For me, the trick is trying to make sure that I’m performing at my peak in the less frequent moments when I really need to be. That means listening to your instincts and getting some rest in moments that seem like downtime, but being ready to gear up immediately when there’s an opportunity or need.

Resources I Use To Stay Inspired | I think everybody young should read classics and avoid new stuff, especially when it comes to fiction. Time is the best filter for what’s good.
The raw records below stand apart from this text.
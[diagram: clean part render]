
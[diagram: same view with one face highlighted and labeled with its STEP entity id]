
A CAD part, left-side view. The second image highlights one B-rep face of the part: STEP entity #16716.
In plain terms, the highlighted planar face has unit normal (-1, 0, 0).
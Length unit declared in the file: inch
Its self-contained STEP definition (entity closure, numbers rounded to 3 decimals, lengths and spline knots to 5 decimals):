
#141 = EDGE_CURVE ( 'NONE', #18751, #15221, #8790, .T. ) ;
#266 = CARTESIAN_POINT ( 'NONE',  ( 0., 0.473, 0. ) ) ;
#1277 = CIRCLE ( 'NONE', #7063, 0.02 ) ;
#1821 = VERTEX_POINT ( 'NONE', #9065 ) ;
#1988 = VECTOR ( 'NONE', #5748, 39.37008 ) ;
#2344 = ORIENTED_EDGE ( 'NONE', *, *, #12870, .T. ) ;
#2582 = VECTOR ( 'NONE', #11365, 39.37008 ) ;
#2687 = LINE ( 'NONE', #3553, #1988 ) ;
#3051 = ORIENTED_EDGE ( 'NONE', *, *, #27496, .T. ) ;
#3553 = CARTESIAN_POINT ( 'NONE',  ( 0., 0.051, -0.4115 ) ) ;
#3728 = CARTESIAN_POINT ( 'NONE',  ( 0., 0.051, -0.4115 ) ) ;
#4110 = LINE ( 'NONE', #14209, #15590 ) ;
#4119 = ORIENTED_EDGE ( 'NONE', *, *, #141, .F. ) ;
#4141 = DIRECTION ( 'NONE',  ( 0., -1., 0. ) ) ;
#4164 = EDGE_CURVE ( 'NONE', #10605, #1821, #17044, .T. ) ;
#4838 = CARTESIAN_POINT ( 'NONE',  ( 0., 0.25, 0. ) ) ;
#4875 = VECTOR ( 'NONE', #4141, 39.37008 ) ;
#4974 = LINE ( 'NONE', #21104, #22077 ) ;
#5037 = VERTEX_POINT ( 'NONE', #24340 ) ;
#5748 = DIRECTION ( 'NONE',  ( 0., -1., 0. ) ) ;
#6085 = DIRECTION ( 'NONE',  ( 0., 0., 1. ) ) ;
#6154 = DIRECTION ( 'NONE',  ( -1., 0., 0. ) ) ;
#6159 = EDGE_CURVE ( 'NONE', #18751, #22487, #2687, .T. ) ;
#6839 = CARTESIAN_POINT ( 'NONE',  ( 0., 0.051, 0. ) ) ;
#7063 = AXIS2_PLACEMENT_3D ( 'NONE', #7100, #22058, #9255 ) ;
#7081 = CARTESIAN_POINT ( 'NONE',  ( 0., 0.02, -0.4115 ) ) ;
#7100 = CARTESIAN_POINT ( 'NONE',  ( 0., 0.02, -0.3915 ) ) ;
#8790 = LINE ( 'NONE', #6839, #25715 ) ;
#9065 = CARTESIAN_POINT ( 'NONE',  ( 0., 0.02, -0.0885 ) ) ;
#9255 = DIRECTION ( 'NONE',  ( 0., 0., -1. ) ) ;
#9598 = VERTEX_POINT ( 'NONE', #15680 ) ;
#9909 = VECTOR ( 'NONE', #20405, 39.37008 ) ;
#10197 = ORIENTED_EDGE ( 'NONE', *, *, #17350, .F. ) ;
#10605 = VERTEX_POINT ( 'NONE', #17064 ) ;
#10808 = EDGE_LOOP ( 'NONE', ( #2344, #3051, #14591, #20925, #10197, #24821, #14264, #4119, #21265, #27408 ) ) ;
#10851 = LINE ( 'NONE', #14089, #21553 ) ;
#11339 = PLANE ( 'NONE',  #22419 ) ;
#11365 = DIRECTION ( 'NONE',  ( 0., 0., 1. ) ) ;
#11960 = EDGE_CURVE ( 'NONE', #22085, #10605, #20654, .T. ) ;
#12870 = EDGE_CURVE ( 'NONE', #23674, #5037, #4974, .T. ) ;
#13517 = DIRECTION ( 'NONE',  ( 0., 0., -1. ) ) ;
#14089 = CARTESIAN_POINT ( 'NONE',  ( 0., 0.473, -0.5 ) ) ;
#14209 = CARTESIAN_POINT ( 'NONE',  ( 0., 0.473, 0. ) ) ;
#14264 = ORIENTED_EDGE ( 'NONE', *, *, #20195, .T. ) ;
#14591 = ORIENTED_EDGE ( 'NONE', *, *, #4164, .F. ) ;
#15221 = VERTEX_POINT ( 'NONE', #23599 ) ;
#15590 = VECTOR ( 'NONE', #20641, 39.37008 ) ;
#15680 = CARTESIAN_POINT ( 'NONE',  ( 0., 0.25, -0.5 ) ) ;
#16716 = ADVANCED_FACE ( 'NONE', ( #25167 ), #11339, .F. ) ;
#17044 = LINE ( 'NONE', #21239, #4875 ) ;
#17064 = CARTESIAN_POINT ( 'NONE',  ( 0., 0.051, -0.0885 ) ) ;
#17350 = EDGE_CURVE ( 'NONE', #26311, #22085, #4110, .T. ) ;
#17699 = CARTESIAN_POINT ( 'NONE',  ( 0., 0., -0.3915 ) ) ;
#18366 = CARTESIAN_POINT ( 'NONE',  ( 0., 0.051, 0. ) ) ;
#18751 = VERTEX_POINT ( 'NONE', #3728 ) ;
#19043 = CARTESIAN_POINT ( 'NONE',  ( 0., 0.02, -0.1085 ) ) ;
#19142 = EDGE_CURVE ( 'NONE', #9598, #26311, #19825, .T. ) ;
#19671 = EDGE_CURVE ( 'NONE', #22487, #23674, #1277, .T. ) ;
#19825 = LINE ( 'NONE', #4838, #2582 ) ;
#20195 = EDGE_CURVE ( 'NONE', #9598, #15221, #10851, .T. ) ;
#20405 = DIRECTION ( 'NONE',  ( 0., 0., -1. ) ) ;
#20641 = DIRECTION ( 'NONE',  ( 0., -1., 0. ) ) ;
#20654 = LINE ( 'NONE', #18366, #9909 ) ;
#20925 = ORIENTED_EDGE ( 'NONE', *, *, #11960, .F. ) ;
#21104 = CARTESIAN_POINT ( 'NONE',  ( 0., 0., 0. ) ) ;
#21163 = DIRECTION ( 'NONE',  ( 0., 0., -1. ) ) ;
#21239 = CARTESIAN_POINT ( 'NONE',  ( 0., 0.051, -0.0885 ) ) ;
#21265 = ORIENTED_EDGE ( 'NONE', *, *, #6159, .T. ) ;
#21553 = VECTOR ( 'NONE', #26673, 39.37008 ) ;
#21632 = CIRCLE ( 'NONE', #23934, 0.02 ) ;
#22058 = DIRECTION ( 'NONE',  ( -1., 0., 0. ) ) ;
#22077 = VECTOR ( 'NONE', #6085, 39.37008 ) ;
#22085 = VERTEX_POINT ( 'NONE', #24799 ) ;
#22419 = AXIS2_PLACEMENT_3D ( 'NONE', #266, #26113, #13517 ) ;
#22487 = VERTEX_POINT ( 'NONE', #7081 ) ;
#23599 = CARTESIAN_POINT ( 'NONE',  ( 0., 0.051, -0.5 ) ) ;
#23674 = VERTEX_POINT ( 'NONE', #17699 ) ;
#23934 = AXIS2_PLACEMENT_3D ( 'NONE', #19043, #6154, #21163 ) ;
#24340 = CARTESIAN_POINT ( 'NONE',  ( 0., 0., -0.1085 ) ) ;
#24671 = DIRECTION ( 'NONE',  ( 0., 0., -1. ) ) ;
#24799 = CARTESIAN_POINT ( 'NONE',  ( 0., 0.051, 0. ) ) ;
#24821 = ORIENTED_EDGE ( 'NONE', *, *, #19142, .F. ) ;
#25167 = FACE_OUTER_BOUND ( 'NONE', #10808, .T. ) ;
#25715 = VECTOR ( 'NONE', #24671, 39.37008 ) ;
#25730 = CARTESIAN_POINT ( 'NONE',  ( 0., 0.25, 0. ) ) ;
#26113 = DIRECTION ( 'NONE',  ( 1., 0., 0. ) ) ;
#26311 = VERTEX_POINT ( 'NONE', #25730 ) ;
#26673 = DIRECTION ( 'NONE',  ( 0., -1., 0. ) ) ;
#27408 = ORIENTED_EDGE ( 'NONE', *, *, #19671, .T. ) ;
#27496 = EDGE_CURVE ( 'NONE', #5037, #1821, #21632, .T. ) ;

Advice On Building Wealth | Quickly build a cushion you can fall back on (or figure out how to use the one you have well) and then start doing risky things with limited cost (measured not just in money, but also hours of your day or months of your life) and unlimited upside.
Do as many things as you can manage in a coherent way (some things you’ll need to focus on completely for years, but some stuff is a decision you can make an instant, like the decision to invest money in a friends’ start-up, say). Most of your success will come in a few unusual moments.
Also, if you feel drawn to doing something that has absolutely no material return, please do it. You’ll be able to figure out the money side of things later, or in parallel, through side entrepreneurship or frugality.
The thing the world needs more desperately than anything are people who are able to work 100% on something with absolutely no material return. Everyone else, no matter how successful they are, is just a cog in a machine–one that we know isn’t necessarily doing good things for or with humanity. People who work passionately for a result that has nothing to do with a pay check are the only ones standing outside that machine, so they’re the only ones who can truly guide it in a better direction, to make sure it doesn’t destroy itself/us.

On Inspiring Others | The way that’s worked the best for us is to put our own best energy and work out into the world. That ends up connecting you with other good people and to the extent you inspire them they’ll want to work with you.
That’s true whether it’s people you hire, people who will hire you, or allies out there in the world.

I Am Inspired By | The people who inspire me the most are people who end up in the right place and the right time with the right abilities, and make an extraordinary effort to fit their abilities to what they think the world needs in that moment. That’s what I aspire to most deeply.
I really do believe that most of the best ones are very invisible to history, and that’s why the names that come to mind are very odd:
Edward Snowden.
The anonymous creator of Bitcoin.
Richard Stallman
(Re: Stallman, I know he’s a very odd duck, interpersonally. But the vision he had in the 80’s and the activism he did both around free software and in promoting an ethics of technology worked so well. This is a stretch but I’m not sure if we’d have Snowden, or Bitcoin, without him).

It’s funny to say this but I don’t think I have any role models, except in the sense that I have close friends or colleagues whose qualities I admire. Sometimes along the way you see people who are doing what you want to be doing, but that’s more rare and fleeting and happened more when I was younger. That could be because I’m on such a strange path.